Dans le concours immense de voyageurs qu'attiraient à l'île d'Elbe une curiosité fort naturelle ou une ambition fondée sur l'expectative la plus évidente et la plus prochaine, ou le besoin d'une vie aventureuse qui tourmente les esprits fatigués, ou le besoin d'une chance d'intrigue ou d'espionnage, de trahison ou d'assassinat, qui est la dernière ressource des misérables de tous les partis, peu de personnes, il faut en convenir, pouvaient appeler sur elles une faible partie de l'intérêt qu'excitaient à si juste titre le Roi des îles et ses deux capitaines. C'était un spectacle extraordinaire, mais honteux, que cette cohue de courtisans équivoques, qui venaient, sous toutes sortes de titres, mendier de l'Empereur déchu des préfectures, des épiscopats et des principautés. «J'en ai vu depuis qui ont perdu le cheval, comme dit notre Teivelin, mais à qui n'ont pas perdu la bride: ils n'ont eu qu'à se baisser.»
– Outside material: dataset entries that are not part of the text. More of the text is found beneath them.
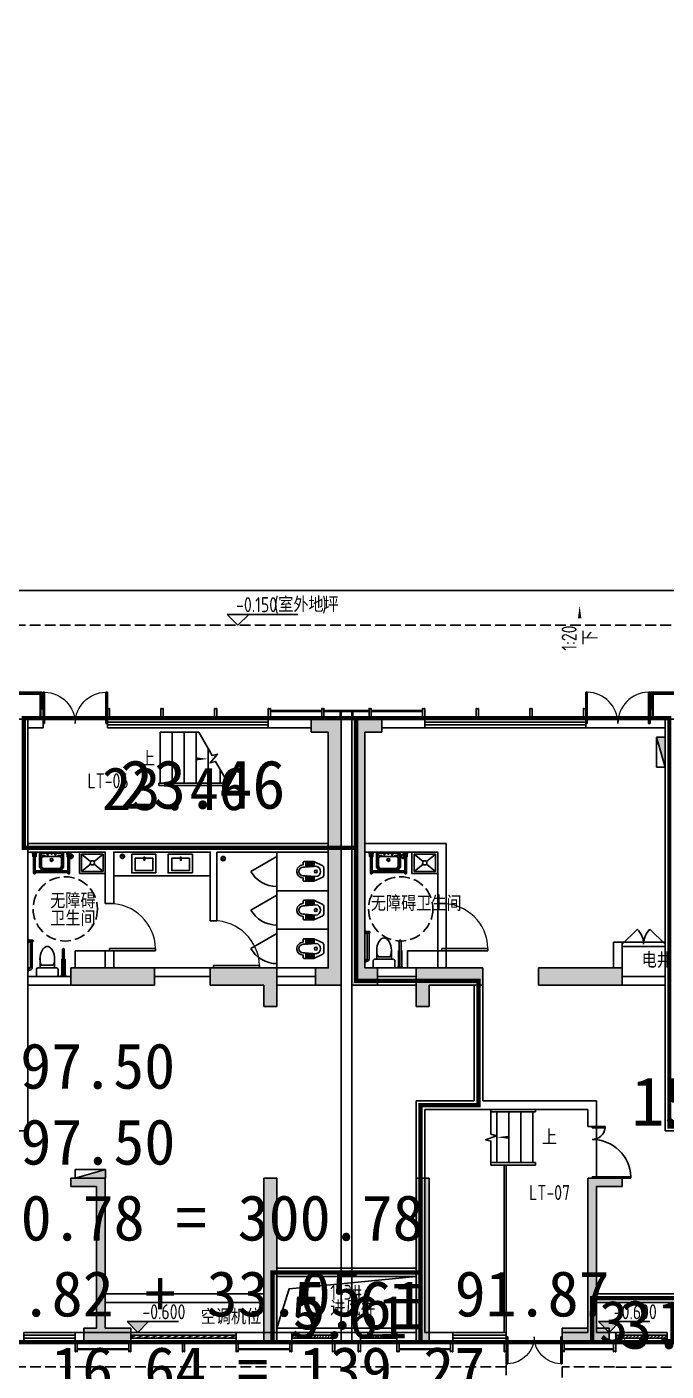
# Model space of a CAD drawing. Extents: x 512858 to 514372, y -232486 to -231710.
# Drawn here: x 513202.3 to 513217.2, y -231778.71 to -231747.37 of the extents above; entities that cross this region are included whole.
import ezdxf

# ---------------------------------------------------------------- set-up
doc = ezdxf.new("R2010")
doc.units = 0
doc.header["$LTSCALE"] = 1000
doc.linetypes.add('__DASH', pattern=[0.35, 0.25, -0.1])
doc.linetypes.add('DASH', pattern=[0.35, 0.25, -0.1])
doc.layers.get('0').update_dxf_attribs({"color": 252})
for name, color, linetype in [('$计算结果', 7, 'Continuous'), ('$面积结果', 7, 'Continuous'), ('2#HXT-1F$0$A-WALL-S', 253, 'Continuous'), ('6#-造型-1F（实施版）石材-STONE-S', 253, 'Continuous'), ('6#-造型-1F（实施版）金属型材-METAL-S', 253, 'Continuous'), ('6#-造型-1F（实施版）门窗', 253, 'Continuous'), ('A-ANNO-100-DIM-E', 253, 'Continuous'), ('A-ANNO-100-SYMB', 253, 'Continuous'), ('A-ANNO-100-TXT', 252, 'Continuous'), ('A-ANNO-50-SYMB', 252, 'Continuous'), ('A-DOOR', 252, 'Continuous'), ('A-FIRE-DOOR', 252, 'Continuous'), ('A-HOLE-E', 253, 'Continuous'), ('A-METAL-E', 253, 'Continuous'), ('A-METAL-S', 253, 'Continuous'), ('A-PATT-COLU', 253, 'Continuous'), ('A-SOIL-E', 253, 'Continuous'), ('A-STAIR', 252, 'Continuous'), ('A-STONE-S', 253, 'Continuous'), ('A-STR-CONC-B', 252, 'Continuous'), ('A-TECH-SANT', 253, 'Continuous'), ('A-WALL-S', 252, 'Continuous'), ('A-WINDOW', 253, 'Continuous'), ('AA-洁具及厨具', 253, 'Continuous'), ('B1+B2户型(2#185报审版）-2$0$A-DOOR', 253, 'Continuous'), ('LVTRY', 253, 'Continuous'), ('Y-阳台地漏(不提资)', 253, 'Continuous'), ('洁具', 253, 'Continuous'), ('看线', 253, 'Continuous'), ('面积-免计容-养老服务用房-1', 185, 'Continuous')]:
    doc.layers.add(name, color=color, linetype=linetype)
for name, color, linetype, lineweight in [('P-FIRE-FH', 252, 'Continuous', 25), ('面积-计容-住宅-1', 1, 'Continuous', 0), ('面积-计容-社区医疗卫生中心-1', 18, 'Continuous', 0), ('面积-计容-社区文化活动中心-1', 30, 'Continuous', 0)]:
    doc.layers.add(name, color=color, linetype=linetype, lineweight=lineweight)
doc.styles.add('dw', font='simhei.ttf')
doc.styles.add('TYDG_02', font='TSSDENG.shx', dxfattribs={"width": 0.8, "bigfont": 'hztxt.shx'})

# ---------------------------------------------------------------- blocks, each defined once
blk = doc.blocks.new('1新321F结构')
at = {"layer": 'A-PATT-COLU'}
for points in [[(-131457, -995271), (-131057, -995271), (-130757, -994971), (-131457, -994971)], [(-130757, -994971), (-131057, -995271), (-131057, -1000771), (-130757, -1001171)], [(-130207, -995271), (-130507, -994971), (-130507, -1001171), (-130207, -1000771)], [(-129807, -994971), (-130507, -994971), (-130207, -995271), (-129807, -995271)], [(-137057, -1001171), (-135107, -1001171), (-135107, -1000771), (-137057, -1000771)], [(-133807, -1001171), (-132557, -1001171), (-132257, -1000771), (-133807, -1000771)], [(-132257, -1000771), (-132557, -1001171), (-132557, -1001671), (-132257, -1001671)], [(-131357, -1001171), (-130757, -1001171), (-131057, -1000771), (-131357, -1000771)], [(-129907, -1000771), (-130207, -1000771), (-130507, -1001171), (-129907, -1001171)], [(-127457, -1000771), (-129007, -1000771), (-128707, -1001171), (-127457, -1001171)], [(-128707, -1001171), (-129007, -1000771), (-129007, -1001671), (-128707, -1001671)], [(-124207, -1000771), (-126157, -1000771), (-126157, -1001171), (-124207, -1001171)], [(-136457, -1005871), (-136257, -1005671), (-137057, -1005671), (-137057, -1005871)], [(-136257, -1005671), (-136457, -1005871), (-136457, -1009171), (-136357, -1009271), (-136257, -1009171)], [(-132557, -1005671), (-132557, -1009471), (-132257, -1009471), (-132257, -1005671)], [(-129007, -1005671), (-129007, -1009471), (-128707, -1009471), (-128707, -1005671)], [(-125007, -1005671), (-124807, -1005871), (-124207, -1005871), (-124207, -1005671)], [(-124807, -1005871), (-125007, -1005671), (-125007, -1009171), (-124907, -1009271), (-124807, -1009171)], [(-136357, -1009271), (-136457, -1009171), (-136757, -1009171), (-136757, -1009471), (-136357, -1009471)], [(-135657, -1009171), (-136257, -1009171), (-136357, -1009271), (-136357, -1009471), (-135657, -1009471)], [(-125607, -1009471), (-124907, -1009471), (-124907, -1009271), (-125007, -1009171), (-125607, -1009171)], [(-124907, -1009271), (-124907, -1009471), (-124507, -1009471), (-124507, -1009171), (-124807, -1009171)]]:
    blk.add_hatch(color=256, dxfattribs=at).paths.add_polyline_path(points)
at = {"layer": 'A-STR-CONC-B'}
for p, q in [((-131457, -994971), (-130757, -994971)), ((-131457, -994971), (-131457, -995271)), ((-130757, -994971), (-130757, -1001171)), ((-130507, -994971), (-130507, -1001171)), ((-129807, -994971), (-130507, -994971)), ((-129807, -995271), (-129807, -994971)), ((-131457, -995271), (-131057, -995271)), ((-131057, -995271), (-131057, -1000771)), ((-130207, -995271), (-130207, -1000771)), ((-129807, -995271), (-130207, -995271)), ((-137057, -1000771), (-135107, -1000771)), ((-137057, -1000771), (-137057, -1001171)), ((-135107, -1000771), (-135107, -1001171)), ((-133807, -1000771), (-132257, -1000771)), ((-133807, -1000771), (-133807, -1001171)), ((-132257, -1000771), (-132257, -1001671)), ((-131357, -1000771), (-131057, -1000771)), ((-131357, -1000771), (-131357, -1001171)), ((-129907, -1000771), (-130207, -1000771)), ((-129907, -1001171), (-129907, -1000771)), ((-127457, -1000771), (-129007, -1000771)), ((-129007, -1000771), (-129007, -1001671)), ((-127457, -1001171), (-127457, -1000771)), ((-124207, -1000771), (-126157, -1000771)), ((-126157, -1001171), (-126157, -1000771)), ((-124207, -1001171), (-124207, -1000771)), ((-137057, -1001171), (-135107, -1001171)), ((-133807, -1001171), (-132557, -1001171)), ((-132557, -1001171), (-132557, -1001671)), ((-131357, -1001171), (-130757, -1001171)), ((-129907, -1001171), (-130507, -1001171)), ((-127457, -1001171), (-128707, -1001171)), ((-128707, -1001171), (-128707, -1001671)), ((-124207, -1001171), (-126157, -1001171)), ((-132257, -1001671), (-132557, -1001671)), ((-128707, -1001671), (-129007, -1001671)), ((-136257, -1005671), (-137057, -1005671)), ((-137057, -1005871), (-137057, -1005671)), ((-136457, -1005871), (-137057, -1005871)), ((-136457, -1005871), (-136457, -1009171)), ((-136257, -1005671), (-136257, -1009171)), ((-132557, -1005671), (-132557, -1009471)), ((-132257, -1005671), (-132557, -1005671)), ((-132257, -1005671), (-132257, -1009471)), ((-129007, -1005671), (-129007, -1009471)), ((-128707, -1005671), (-129007, -1005671)), ((-128707, -1005671), (-128707, -1009471)), ((-125007, -1005671), (-124207, -1005671)), ((-125007, -1005671), (-125007, -1009171)), ((-124807, -1005871), (-124207, -1005871)), ((-124807, -1005871), (-124807, -1009171)), ((-124207, -1005671), (-124207, -1005871)), ((-136457, -1009171), (-136757, -1009171)), ((-136757, -1009471), (-136757, -1009171)), ((-135657, -1009171), (-136257, -1009171)), ((-135657, -1009471), (-135657, -1009171)), ((-125607, -1009171), (-125007, -1009171)), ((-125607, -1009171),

Ce concours d'un peuple jadis doré, qui redemandait sa livrée au prix de la fidélité jurée et du dévouement acquis, faisait de Porto-Ferrajo le comptoir de toutes les ambitions que le gouvernement de la restauration n'avait pas accueillies. Leurs prétentions valaient une monnaie ayant cours, et qui était au pair à Paris, sous les yeux des grands hommes d'État à qui appartient en France le monopole de la politique depuis une quinzaine d'années. Aussi Napoléon, instruit que sa capitale s'appelait autrefois Cosimopoli, ville de Saint-Côme, répondit qu'il fallait l'appeler Cosmopoli, ville du monde. La sainte-alliance n'avait pas su si bien deviner. C'est là en effet que les destinées du monde entier furent un moment en suspens, et c'est de là en effet qu'est sorti en dernier lieu le principe ou fécond ou dévastateur qui a irrévocablement fixé leur accomplissement éternel.